[WHAT NEEDS TO BE DONE]: Exactly the lines from the start of the data below through the line containing "- removed net GPIO26: IC1.IO26" must be returned, and no others.

[MATERIAL FOR THE TASK]:
Segment Open
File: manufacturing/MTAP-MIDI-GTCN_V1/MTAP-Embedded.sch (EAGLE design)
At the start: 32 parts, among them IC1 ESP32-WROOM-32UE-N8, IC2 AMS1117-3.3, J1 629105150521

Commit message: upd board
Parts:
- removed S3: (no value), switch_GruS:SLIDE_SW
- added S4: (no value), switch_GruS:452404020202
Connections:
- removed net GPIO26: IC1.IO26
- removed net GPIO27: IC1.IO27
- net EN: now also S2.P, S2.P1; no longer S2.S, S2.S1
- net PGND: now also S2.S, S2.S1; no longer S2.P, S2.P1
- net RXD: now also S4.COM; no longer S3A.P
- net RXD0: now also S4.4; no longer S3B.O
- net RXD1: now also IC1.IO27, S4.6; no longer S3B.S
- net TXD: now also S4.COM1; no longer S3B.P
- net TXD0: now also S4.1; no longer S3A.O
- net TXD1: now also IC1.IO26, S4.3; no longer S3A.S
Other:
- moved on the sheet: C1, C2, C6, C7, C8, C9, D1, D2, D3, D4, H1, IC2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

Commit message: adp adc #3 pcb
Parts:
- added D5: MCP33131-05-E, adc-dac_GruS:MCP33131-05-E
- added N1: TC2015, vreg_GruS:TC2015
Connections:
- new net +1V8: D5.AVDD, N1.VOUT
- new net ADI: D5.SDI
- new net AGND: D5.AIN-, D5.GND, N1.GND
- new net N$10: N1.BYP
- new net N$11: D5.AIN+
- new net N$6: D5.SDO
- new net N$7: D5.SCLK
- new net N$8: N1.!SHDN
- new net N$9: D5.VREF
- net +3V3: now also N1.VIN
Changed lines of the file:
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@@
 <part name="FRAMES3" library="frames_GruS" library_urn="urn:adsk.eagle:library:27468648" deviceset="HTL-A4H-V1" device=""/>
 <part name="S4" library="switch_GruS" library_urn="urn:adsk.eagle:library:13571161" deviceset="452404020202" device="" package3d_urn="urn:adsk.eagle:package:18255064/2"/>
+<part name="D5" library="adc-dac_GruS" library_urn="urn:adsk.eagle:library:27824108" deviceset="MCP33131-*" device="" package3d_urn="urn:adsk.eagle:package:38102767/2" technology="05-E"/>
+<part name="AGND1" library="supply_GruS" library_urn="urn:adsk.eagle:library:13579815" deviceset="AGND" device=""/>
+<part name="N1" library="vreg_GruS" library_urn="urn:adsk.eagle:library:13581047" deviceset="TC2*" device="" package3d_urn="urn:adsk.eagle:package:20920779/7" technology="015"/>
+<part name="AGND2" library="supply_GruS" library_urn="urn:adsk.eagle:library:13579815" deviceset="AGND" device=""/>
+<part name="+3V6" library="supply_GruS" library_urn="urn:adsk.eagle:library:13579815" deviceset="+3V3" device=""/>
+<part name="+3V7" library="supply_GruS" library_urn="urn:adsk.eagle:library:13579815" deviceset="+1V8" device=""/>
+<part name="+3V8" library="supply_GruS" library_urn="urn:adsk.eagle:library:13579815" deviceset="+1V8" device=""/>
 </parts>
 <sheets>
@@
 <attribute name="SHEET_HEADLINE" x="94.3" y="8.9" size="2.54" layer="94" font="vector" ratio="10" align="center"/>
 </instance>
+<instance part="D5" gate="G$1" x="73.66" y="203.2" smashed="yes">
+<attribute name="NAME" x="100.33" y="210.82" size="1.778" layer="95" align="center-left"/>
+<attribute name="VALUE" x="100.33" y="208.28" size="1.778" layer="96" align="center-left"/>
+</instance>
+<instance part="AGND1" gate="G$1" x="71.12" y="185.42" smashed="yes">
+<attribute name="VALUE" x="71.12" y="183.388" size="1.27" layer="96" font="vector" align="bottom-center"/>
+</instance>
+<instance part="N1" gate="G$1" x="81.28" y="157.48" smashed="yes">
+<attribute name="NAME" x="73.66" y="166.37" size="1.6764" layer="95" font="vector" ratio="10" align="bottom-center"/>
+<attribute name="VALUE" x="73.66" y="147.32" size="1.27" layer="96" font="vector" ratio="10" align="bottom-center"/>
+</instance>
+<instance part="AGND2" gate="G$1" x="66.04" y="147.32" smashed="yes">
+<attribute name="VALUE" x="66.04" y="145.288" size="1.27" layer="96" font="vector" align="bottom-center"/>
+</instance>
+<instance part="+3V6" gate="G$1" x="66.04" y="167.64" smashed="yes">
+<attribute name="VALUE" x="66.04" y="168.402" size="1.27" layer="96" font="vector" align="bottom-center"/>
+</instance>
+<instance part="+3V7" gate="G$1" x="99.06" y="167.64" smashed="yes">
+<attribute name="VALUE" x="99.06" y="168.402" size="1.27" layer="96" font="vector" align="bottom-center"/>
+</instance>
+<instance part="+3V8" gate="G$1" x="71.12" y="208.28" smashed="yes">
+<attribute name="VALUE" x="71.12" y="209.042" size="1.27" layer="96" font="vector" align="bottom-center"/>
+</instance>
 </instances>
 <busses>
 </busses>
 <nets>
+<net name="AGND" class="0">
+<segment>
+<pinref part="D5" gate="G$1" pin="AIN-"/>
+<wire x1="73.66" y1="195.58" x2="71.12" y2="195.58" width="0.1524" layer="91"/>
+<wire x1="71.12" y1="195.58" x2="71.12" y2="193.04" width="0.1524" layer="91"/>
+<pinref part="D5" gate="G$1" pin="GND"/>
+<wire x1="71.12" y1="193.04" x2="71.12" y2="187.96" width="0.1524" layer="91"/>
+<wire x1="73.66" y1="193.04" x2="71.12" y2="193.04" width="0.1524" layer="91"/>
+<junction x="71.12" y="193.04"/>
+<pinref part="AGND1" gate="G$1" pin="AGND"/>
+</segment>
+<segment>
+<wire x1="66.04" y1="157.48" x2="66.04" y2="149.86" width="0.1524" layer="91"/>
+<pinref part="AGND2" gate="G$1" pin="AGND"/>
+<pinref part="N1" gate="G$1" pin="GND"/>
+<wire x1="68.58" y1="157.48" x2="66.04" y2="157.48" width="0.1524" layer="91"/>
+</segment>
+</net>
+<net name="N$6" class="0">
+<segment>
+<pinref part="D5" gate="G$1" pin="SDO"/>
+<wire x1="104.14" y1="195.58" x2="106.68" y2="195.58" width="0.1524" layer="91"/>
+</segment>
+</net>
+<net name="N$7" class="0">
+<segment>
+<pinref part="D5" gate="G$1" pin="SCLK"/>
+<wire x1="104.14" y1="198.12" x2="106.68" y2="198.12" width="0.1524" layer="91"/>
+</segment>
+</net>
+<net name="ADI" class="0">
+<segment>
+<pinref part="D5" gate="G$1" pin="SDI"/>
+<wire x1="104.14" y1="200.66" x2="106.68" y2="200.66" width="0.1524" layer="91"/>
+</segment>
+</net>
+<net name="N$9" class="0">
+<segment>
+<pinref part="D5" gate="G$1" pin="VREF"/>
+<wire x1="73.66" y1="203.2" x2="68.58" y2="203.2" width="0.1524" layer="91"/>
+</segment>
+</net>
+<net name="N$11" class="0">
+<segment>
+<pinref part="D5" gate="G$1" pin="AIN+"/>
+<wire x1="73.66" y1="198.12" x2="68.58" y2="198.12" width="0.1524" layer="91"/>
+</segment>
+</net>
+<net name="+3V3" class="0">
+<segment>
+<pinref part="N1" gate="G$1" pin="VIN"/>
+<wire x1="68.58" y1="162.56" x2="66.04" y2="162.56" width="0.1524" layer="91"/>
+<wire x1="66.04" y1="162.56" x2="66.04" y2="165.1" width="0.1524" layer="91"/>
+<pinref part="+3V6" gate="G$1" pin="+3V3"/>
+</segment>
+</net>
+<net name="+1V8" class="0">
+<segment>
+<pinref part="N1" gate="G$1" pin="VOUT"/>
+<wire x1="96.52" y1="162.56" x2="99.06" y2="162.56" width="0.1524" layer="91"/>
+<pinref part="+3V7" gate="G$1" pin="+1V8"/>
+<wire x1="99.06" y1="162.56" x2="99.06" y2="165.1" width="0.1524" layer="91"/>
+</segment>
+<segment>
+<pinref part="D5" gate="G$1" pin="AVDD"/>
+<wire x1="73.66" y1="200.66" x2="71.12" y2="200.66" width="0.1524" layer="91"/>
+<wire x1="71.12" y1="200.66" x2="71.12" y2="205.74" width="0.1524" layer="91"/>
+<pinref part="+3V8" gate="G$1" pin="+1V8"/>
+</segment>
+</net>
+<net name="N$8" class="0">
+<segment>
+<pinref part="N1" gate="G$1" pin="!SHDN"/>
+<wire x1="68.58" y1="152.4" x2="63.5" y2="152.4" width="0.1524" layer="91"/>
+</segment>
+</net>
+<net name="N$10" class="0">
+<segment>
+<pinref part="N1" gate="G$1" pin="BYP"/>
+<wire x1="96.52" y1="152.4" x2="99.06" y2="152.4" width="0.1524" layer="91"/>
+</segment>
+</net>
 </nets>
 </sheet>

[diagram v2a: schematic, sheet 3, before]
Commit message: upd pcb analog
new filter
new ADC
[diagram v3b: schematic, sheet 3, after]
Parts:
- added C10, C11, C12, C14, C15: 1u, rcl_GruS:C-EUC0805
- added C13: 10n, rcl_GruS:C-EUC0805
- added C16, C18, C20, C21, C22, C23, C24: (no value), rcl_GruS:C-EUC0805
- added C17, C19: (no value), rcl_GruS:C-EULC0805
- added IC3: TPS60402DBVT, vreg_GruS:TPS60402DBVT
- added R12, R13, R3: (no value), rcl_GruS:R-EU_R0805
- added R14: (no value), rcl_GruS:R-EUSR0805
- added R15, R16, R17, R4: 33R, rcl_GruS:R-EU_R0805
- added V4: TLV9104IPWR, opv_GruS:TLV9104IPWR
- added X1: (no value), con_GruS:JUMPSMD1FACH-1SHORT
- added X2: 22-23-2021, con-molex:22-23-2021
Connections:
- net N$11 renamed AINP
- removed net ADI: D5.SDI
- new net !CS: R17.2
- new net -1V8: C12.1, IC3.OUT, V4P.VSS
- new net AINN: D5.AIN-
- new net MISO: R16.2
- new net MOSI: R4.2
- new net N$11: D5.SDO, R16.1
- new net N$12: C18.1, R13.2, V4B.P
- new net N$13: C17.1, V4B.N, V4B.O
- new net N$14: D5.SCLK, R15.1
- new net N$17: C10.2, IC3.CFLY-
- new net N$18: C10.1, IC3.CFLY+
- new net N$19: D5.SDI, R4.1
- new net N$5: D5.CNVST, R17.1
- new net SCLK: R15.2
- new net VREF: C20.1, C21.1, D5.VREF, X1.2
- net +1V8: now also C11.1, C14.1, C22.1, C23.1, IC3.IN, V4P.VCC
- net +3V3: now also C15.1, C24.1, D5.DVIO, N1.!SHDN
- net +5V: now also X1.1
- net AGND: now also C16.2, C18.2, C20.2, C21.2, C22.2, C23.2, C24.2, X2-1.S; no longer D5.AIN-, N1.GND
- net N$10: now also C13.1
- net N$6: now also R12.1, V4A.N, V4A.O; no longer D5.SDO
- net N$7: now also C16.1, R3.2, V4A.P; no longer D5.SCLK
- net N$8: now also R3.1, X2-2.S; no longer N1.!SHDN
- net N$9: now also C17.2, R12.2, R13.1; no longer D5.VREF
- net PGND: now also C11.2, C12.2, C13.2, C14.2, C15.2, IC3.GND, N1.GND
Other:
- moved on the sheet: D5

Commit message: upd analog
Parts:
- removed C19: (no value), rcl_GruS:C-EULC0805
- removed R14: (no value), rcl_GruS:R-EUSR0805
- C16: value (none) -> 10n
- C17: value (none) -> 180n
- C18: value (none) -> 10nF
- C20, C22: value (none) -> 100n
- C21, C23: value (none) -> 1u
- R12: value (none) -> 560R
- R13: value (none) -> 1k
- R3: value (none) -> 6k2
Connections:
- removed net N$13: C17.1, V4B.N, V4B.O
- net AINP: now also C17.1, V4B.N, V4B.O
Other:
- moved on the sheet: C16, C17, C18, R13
Segment Closed
[COMPLETED EXERCISE]:
File: manufacturing/MTAP-MIDI-GTCN_V1/MTAP-Embedded.sch (EAGLE design)
At the start: 32 parts, among them IC1 ESP32-WROOM-32UE-N8, IC2 AMS1117-3.3, J1 629105150521

Commit message: upd board
Parts:
- removed S3: (no value), switch_GruS:SLIDE_SW
- added S4: (no value), switch_GruS:452404020202
Connections:
- removed net GPIO26: IC1.IO26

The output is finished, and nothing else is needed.